There's a lot of bad **** happening in China.

I wouldn't say HP is the worst. From my experience, the experience of some friends, and some research, Packard Bell is probably they worst I've hard of, at least from a consumer point of view. Outdated tech, severely underpowered PSUs (an 8800GT on a 350w POS unit... insane! unacceptable for a consumer product!), low-quality parts, bad customer service, and inflated prices.


----------



## roast (Nov 2, 2006)

I dont think overclocking that machine is really required...
If you're an enthusiast, and want to do some overclocking, grab a cheap motherboard and a E5200.
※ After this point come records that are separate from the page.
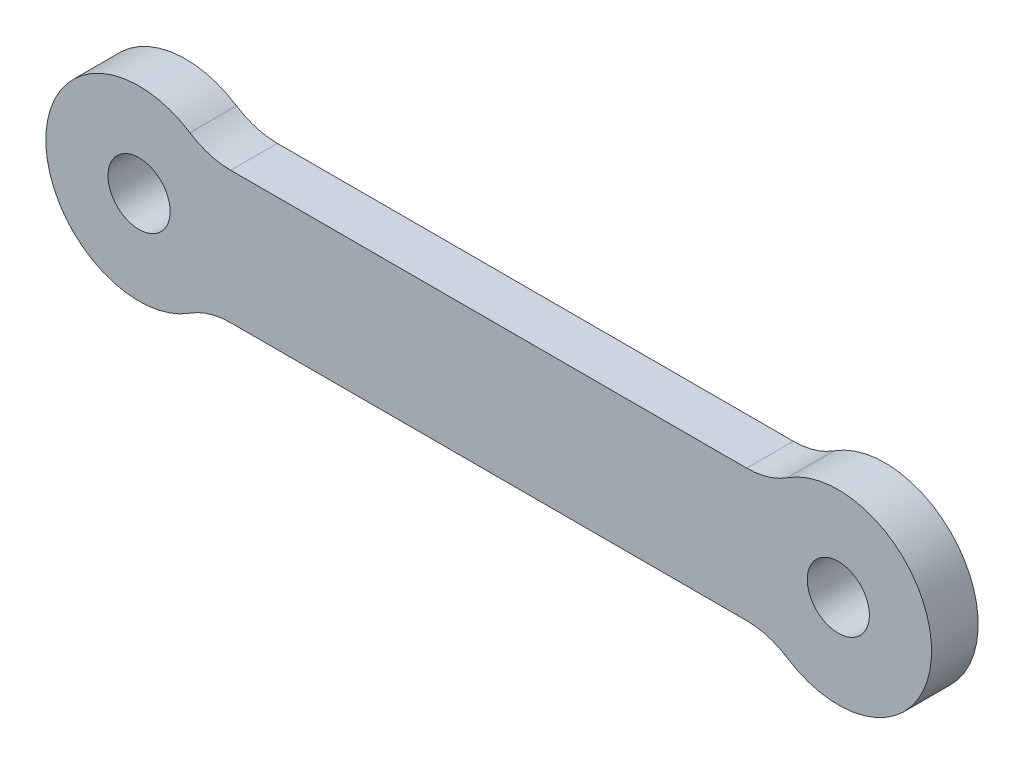
SolidWorks part; units mm, degrees
ref_plane "前视基准面" through (0, 0, 0) normal (0, 0, 1) x (1, 0, 0)
ref_plane "上视基准面" through (0, 0, 0) normal (0, 1, 0) x (1, 0, 0)
ref_plane "右视基准面" through (0, 0, 0) normal (1, 0, 0) x (0, 0, -1)
other "Configuration Table"
sketch "草图1" plane through (0, 0, 0) normal (0, 0, 1) x (1, 0, 0)
  line L0 (0, 0) -> (45, 0) construction
  line L1 (17.812, 0) -> (17.812, 4.25) construction
  line L2 (4.2353, 0) -> (4.2353, 4.25) construction
  line L3 (4.2353, 0) -> (4.2353, -4.3855) construction
  line L4 (22.5, 4.25) -> (22.5, -8.3564) construction
  line L5 (5.8984, 4.25) -> (39.1016, 4.25)
  line L6 (17.812, 0) -> (17.812, -4.25) construction
  line L7 (5.8984, 4.25) -> (5.8984, -4.25) construction
  line L8 (5.8984, -4.25) -> (39.1016, -4.25)
  circle A0 centre (0, 0) radius 2
  circle A1 centre (45, 0) radius 2
  arc A2 (3.2723, -5.0291) -> (3.2723, 5.0291) centre (0, 0) cw
  arc A3 (5.8984, 4.25) -> (3.2723, 5.0291) centre (5.8984, 9.0652) cw
  arc A4 (5.8984, -4.25) -> (3.2723, -5.0291) centre (5.8984, -9.0652) ccw
  arc A5 (39.1016, -4.25) -> (41.7277, -5.0291) centre (39.1016, -9.0652) cw
  arc A6 (41.7277, -5.0291) -> (41.7277, 5.0291) centre (45, 0) ccw
  arc A7 (39.1016, 4.25) -> (41.7277, 5.0291) centre (39.1016, 9.0652) ccw
  point P22 (22.5, -4.25)
  dimension "D1" = 4.8152
  dimension "D4" = 6
  dimension "D5" = 4
  dimension "D2" = 8.5
  dimension "D3" = 45
extrude "凸台-拉伸1" add sketch "草图1" along normal blind 3
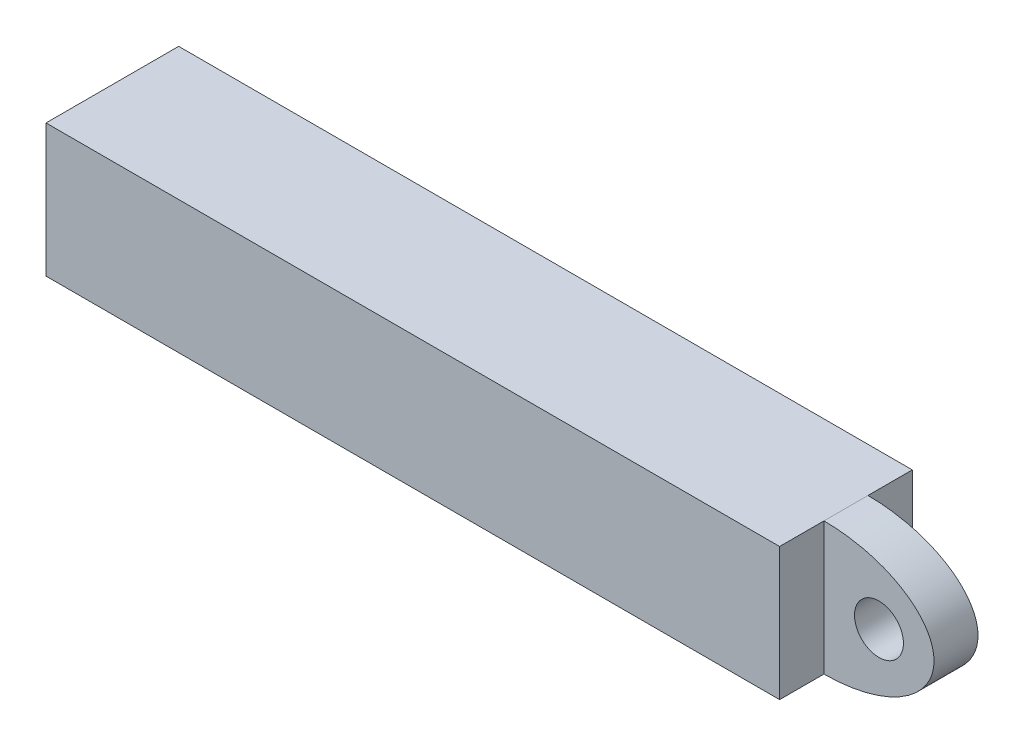
SolidWorks part; units mm, degrees
ref_plane "Front Plane" through (0, 0, 0) normal (0, 0, 1) x (1, 0, 0)
ref_plane "Top Plane" through (0, 0, 0) normal (0, 1, 0) x (1, 0, 0)
ref_plane "Right Plane" through (0, 0, 0) normal (1, 0, 0) x (0, 0, -1)
sketch "Sketch1" plane through (0, 0, 0) normal (1, 0, 0) x (0, 0, -1)
  line L1 (34.45, -34.45) -> (-34.45, -34.45)
  line L2 (34.45, -34.45) -> (34.45, 34.45)
  line L3 (34.45, 34.45) -> (-34.45, 34.45)
  line L4 (-34.45, -34.45) -> (-34.45, 34.45)
  line L5 (34.45, -34.45) -> (-34.45, 34.45) construction
  line L6 (34.45, 34.45) -> (-34.45, -34.45) construction
  point P0 (0, 0)
  dimension "D1" = 68.9
extrude "Boss-Extrude1" add sketch "Sketch1" along normal blind 381
sketch "Sketch2" plane through (0, 0, 0) normal (0, 0, 1) x (1, 0, 0)
  line L1 (381, 34.45) -> (381, -34.45) construction
  line L2 (381, 0) -> (438.15, 0) construction
  line L3 (381, 34.45) -> (381, -34.45)
  circle A1 centre (409.575, 0) radius 12.7
  ellipse E0 centre (381, 0) end of major axis (438.15, 0) minor radius 34.45 (381, -34.45) -> (381, 34.45) ccw
  point P11 (409.575, 0)
  dimension "D1" = 25.4
  dimension "D2" = 57.15
extrude "Boss-Extrude2" add sketch "Sketch2" along normal mid plane 22.86
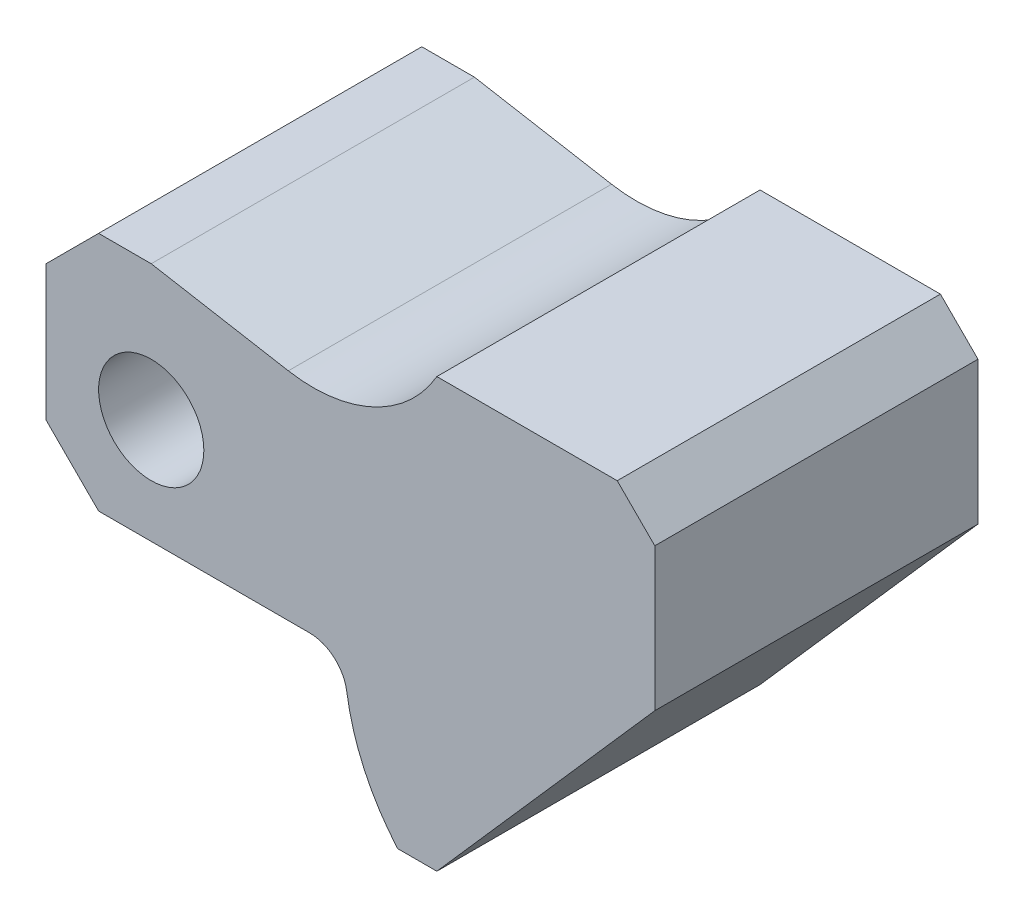
SolidWorks part; units mm, degrees
material "AISI 1020"
ref_plane "Front Plane" through (0, 0, 0) normal (0, 0, 1) x (1, 0, 0)
ref_plane "Top Plane" through (0, 0, 0) normal (0, 1, 0) x (1, 0, 0)
ref_plane "Right Plane" through (0, 0, 0) normal (1, 0, 0) x (0, 0, -1)
sketch "Sketch1" plane through (0, 0, 0) normal (0, 0, 1) x (1, 0, 0)
  line L0 (0, 0) -> (0, -18)
  line L1 (0, -18) -> (7, -25)
  line L2 (7, -25) -> (35.0666, -25)
  line L3 (46.7881, -44) -> (52, -44)
  line L4 (52, -44) -> (81, -11)
  line L5 (81, -11) -> (81, 8)
  line L6 (81, 8) -> (76, 13)
  line L7 (76, 13) -> (52, 13)
  line L8 (14, 7) -> (7, 7)
  line L10 (7, 7) -> (0, 0)
  line L11 (14, 7) -> (32.2431, 3.7833)
  arc A3 (32.2431, 3.7833) -> (52, 13) centre (35.5424, 22.4946) ccw
  arc A5 (35.0666, -25) -> (40.0123, -29.2647) centre (35.0666, -30) cw
  arc A6 (40.0123, -29.2647) -> (46.7881, -44) centre (68.697, -25) ccw
  circle A7 centre (14, -11) radius 7
  dimension "D10" = 24
  dimension "D14" = 5
  dimension "D15" = 29
  dimension "D16" = 19
  dimension "D20" = 14
  dimension "D1" = 7
  dimension "D2" = 7
  dimension "D3" = 32
  dimension "D4" = 45
  dimension "D5" = 45
  dimension "D6" = 14
  dimension "D7" = 45
  dimension "D8" = 5
  dimension "D9" = 29
  dimension "D11" = 29
  dimension "D12" = 19
  dimension "D13" = 81
  dimension "D17" = 10
  dimension "D18" = 57
  dimension "D19" = 19
  dimension "D21" = 14
  dimension "D22" = 14
extrude "Boss-Extrude1" add sketch "Sketch1" along normal blind 43 contours A5 A6 L3 L4 L5 L6 L7 A3 L11 L8 L10 L0 L1 L2 A7
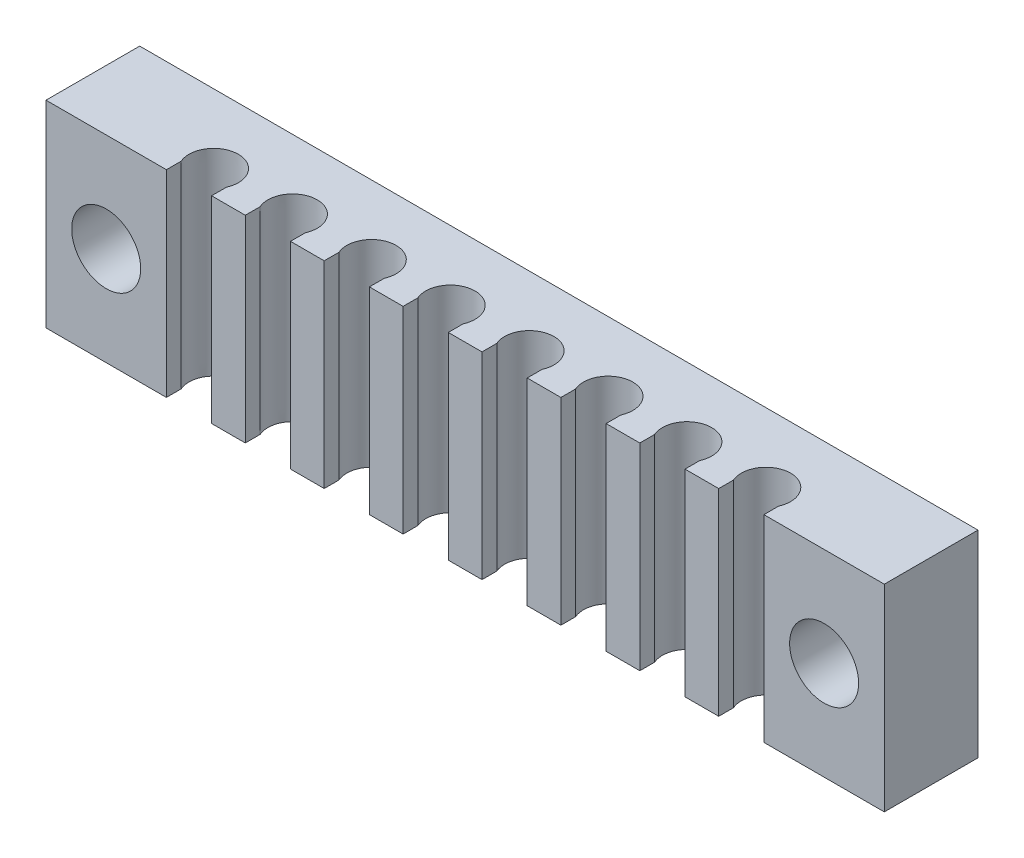
SolidWorks part; units mm, degrees
ref_plane "Front Plane" through (0, 0, 0) normal (0, 0, 1) x (1, 0, 0)
ref_plane "Top Plane" through (0, 0, 0) normal (0, 1, 0) x (1, 0, 0)
ref_plane "Right Plane" through (0, 0, 0) normal (1, 0, 0) x (0, 0, -1)
sketch "Sketch1" plane through (0, 0, 0) normal (0, 1, 0) x (1, 0, 0)
  line L0 (2.25, 0.5) -> (2.25, 0) construction
  line L1 (0, 0) -> (1.1044, 0)
  line L2 (0, 0) -> (0, 4)
  line L3 (0, 4) -> (17, 4)
  line L4 (17, 0) -> (17, 4)
  line L5 (1, 0.5) -> (0, 0.5) construction
  line L6 (3.5, 0.5) -> (5, 0.5) construction
  line L7 (-5, 0) -> (-5, -0.75)
  line L8 (0, 4) -> (-5, 4)
  line L9 (0, 4) -> (0, 0)
  line L10 (0, 0) -> (-5, 0)
  line L11 (-5, 4) -> (-5, 0)
  line L12 (-5, -0.75) -> (17, -0.75)
  line L13 (17, -0.75) -> (17, 0)
  line L14 (3.3956, 0) -> (5.1044, 0)
  line L15 (7.3956, 0) -> (9.1044, 0)
  line L16 (1.1044, 0) -> (1.1044, -0.75)
  line L17 (3.3956, 0) -> (3.3956, -0.75)
  line L18 (5.1044, 0) -> (5.1044, -0.75)
  line L19 (7.3956, 0) -> (7.3956, -0.75)
  line L20 (7.3956, 0) -> (9.1044, 0)
  line L21 (9.1044, 0) -> (9.1044, -0.75)
  line L22 (11.3956, 0) -> (11.3956, -0.75)
  line L23 (11.3956, 0) -> (13.1044, 0)
  line L24 (13.1044, 0) -> (13.1044, -0.75)
  line L25 (15.3956, 0) -> (15.3956, -0.75)
  line L26 (7.5, 0.5) -> (9, 0.5) construction
  line L27 (15.5, 0.5) -> (17, 0.5) construction
  line L28 (16.25, 0.5) -> (16.25, 4) construction
  line L29 (17.1044, 0) -> (17.1044, -0.75)
  line L30 (19.3956, 0) -> (19.3956, -0.75)
  line L31 (21.1044, 0) -> (21.1044, -0.75)
  line L32 (23.3956, 0) -> (23.3956, -0.75)
  line L33 (25.1044, 0) -> (25.1044, -0.75)
  line L34 (27.3956, 0) -> (27.3956, -0.75)
  line L35 (29.1044, 0) -> (29.1044, -0.75)
  line L36 (31.3956, 0) -> (31.3956, -0.75)
  line L37 (32.5, 4) -> (15.5, 4)
  line L38 (37.5, -0.75) -> (15.5, -0.75)
  line L39 (37.5, 0) -> (37.5, -0.75)
  line L40 (37.5, 4) -> (37.5, 0)
  line L41 (32.5, 4) -> (37.5, 4)
  line L42 (11.3956, 0) -> (13.1044, 0)
  line L43 (15.3956, 0) -> (17, 0)
  arc A0 (3.3956, 0) -> (1.1044, 0) centre (2.25, 0.5) ccw
  arc A1 (7.3956, 0) -> (5.1044, 0) centre (6.25, 0.5) ccw
  arc A2 (11.3956, 0) -> (9.1044, 0) centre (10.25, 0.5) ccw
  arc A3 (15.3956, 0) -> (13.1044, 0) centre (14.25, 0.5) ccw
  arc A4 (17.1044, 0) -> (19.3956, 0) centre (18.25, 0.5) cw
  arc A5 (21.1044, 0) -> (23.3956, 0) centre (22.25, 0.5) cw
  arc A6 (25.1044, 0) -> (27.3956, 0) centre (26.25, 0.5) cw
  arc A7 (29.1044, 0) -> (31.3956, 0) centre (30.25, 0.5) cw
  dimension "D2" = 2.5
  dimension "D7" = 1.5
  dimension "D10" = 1.5
  dimension "D1" = 4
  dimension "D3" = 0.5
  dimension "D4" = 1
  dimension "D5" = 17
  dimension "D8" = 5
  dimension "D9" = 3
  dimension "D6" = 2
extrude "Boss-Extrude1" add sketch "Sketch1" along normal blind 10 contours L8 L11 L10 L2 | A1 L1 L4 L3 L2 A0 | L16 L1 L10 L7 L12 | L18 L14 L17 L12 | L15 L19 L12 L13 | L24 L15 L22 L12 | L15 L25 L12 L13 | L35 A7 L36 L38 L39 L40 L41 L37 L4 A4 L30 L31 A5 L32 L33 A6 L34 | L29 A4 L4 L13 L38
sketch "Sketch4" plane through (0, 0, 0.75) normal (0, 0, 1) x (1, 0, 0)
  line L0 (-5, 10) -> (1.1044, 0) construction
  line L1 (16.25, 10) -> (16.25, 0) construction
  line L2 (17.1044, 10) -> (15.3956, 10) construction
  line L3 (17.1044, 0) -> (15.3956, 0) construction
  circle A0 centre (-1.9478, 5) radius 1.75
  circle A1 centre (34.4478, 5) radius 1.75
  dimension "D1" = 3.5
extrude "Cut-Extrude2" cut sketch "Sketch4" against normal through all
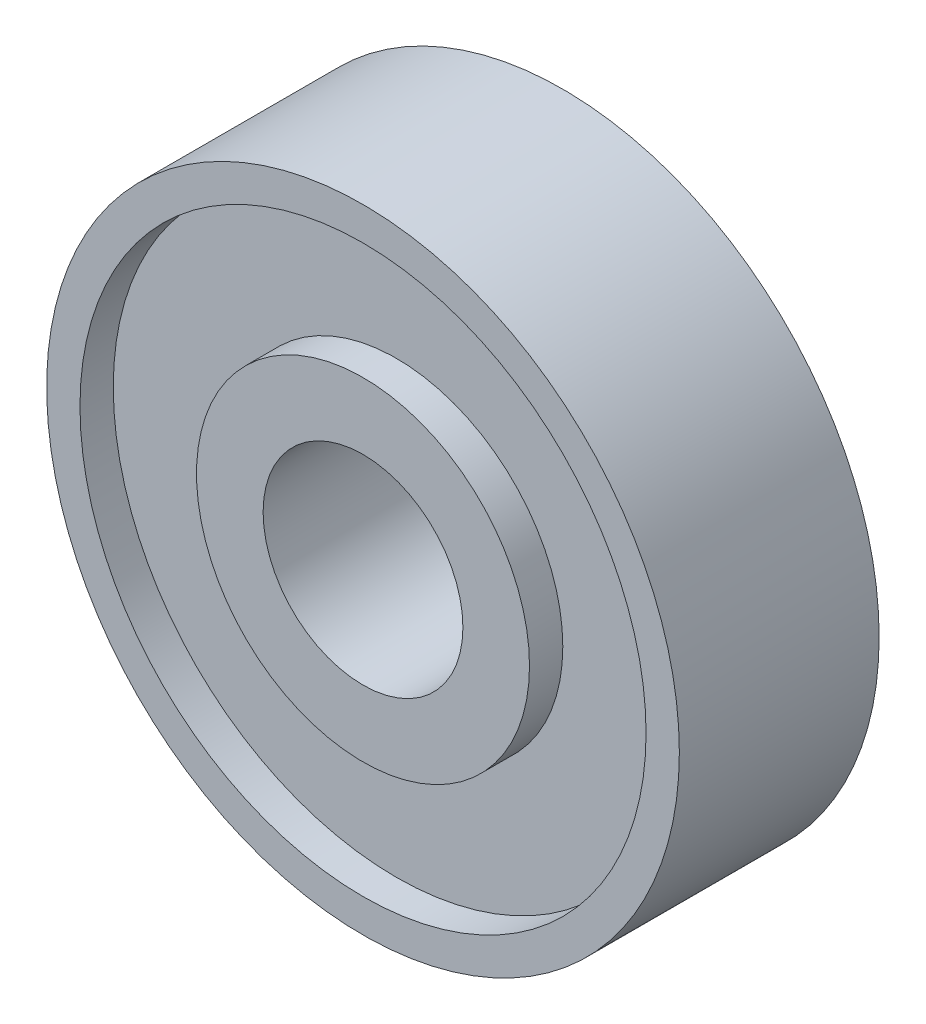
SolidWorks part; units mm, degrees
ref_plane "정면" through (0, 0, 0) normal (0, 0, 1) x (1, 0, 0)
ref_plane "윗면" through (0, 0, 0) normal (0, 1, 0) x (1, 0, 0)
ref_plane "우측면" through (0, 0, 0) normal (1, 0, 0) x (0, 0, -1)
sketch "스케치1" plane through (0, 0, 0) normal (0, 0, 1) x (1, 0, 0)
  circle A0 centre (0, 0) radius 9.5
extrude "돌출1" add sketch "스케치1" along normal blind 6
sketch "스케치2" plane through (0, 0, 6) normal (0, 0, 1) x (1, 0, 0)
  circle A0 centre (0, 0) radius 8.5
extrude "컷-돌출1" cut sketch "스케치2" against normal blind 1
sketch "스케치3" plane through (0, 0, 0) normal (0, 0, -1) x (-1, 0, 0)
  circle A0 centre (0, 0) radius 8.5
extrude "컷-돌출2" cut sketch "스케치3" against normal blind 1
sketch "스케치4" plane through (0, 0, 5) normal (0, 0, 1) x (1, 0, 0)
  circle A0 centre (0, 0) radius 5
extrude "돌출4" add sketch "스케치4" along normal blind 1
sketch "스케치6" plane through (0, 0, 1) normal (0, 0, -1) x (-1, 0, 0)
  circle A0 centre (0, 0) radius 5
extrude "돌출5" add sketch "스케치6" along normal blind 1
sketch "스케치7" plane through (0, 0, 6) normal (0, 0, 1) x (1, 0, 0)
  circle A0 centre (0, 0) radius 3
extrude "컷-돌출3" cut sketch "스케치7" against normal blind 6

Otherwise, you're ***** out of luck with Overclocking that HP. As you said yourself, the BIOS is limited.
Software is indeed very risky to OC with - not something I tend to like doing. Far too unstable.
And as Phædrus2401 mentioned, the PSU probably would not be able to cope.

Sorry.

-Mick.


----------



## ThumperSD (Feb 14, 2010)

I also have the HP e9180t. If I upgrade the mobo and PSU (maybe case in the future), can the system be overclocked and run stable? Also may someone tell me what is a E5200 and what the difference it is from the one I have in my e9180t?

What would be everything I have to replace to make it overclockable and safe?


----------



## ThumperSD (Feb 14, 2010)

Roast, why did you recommend an E5200 if the i7 920 is clearly better?


----------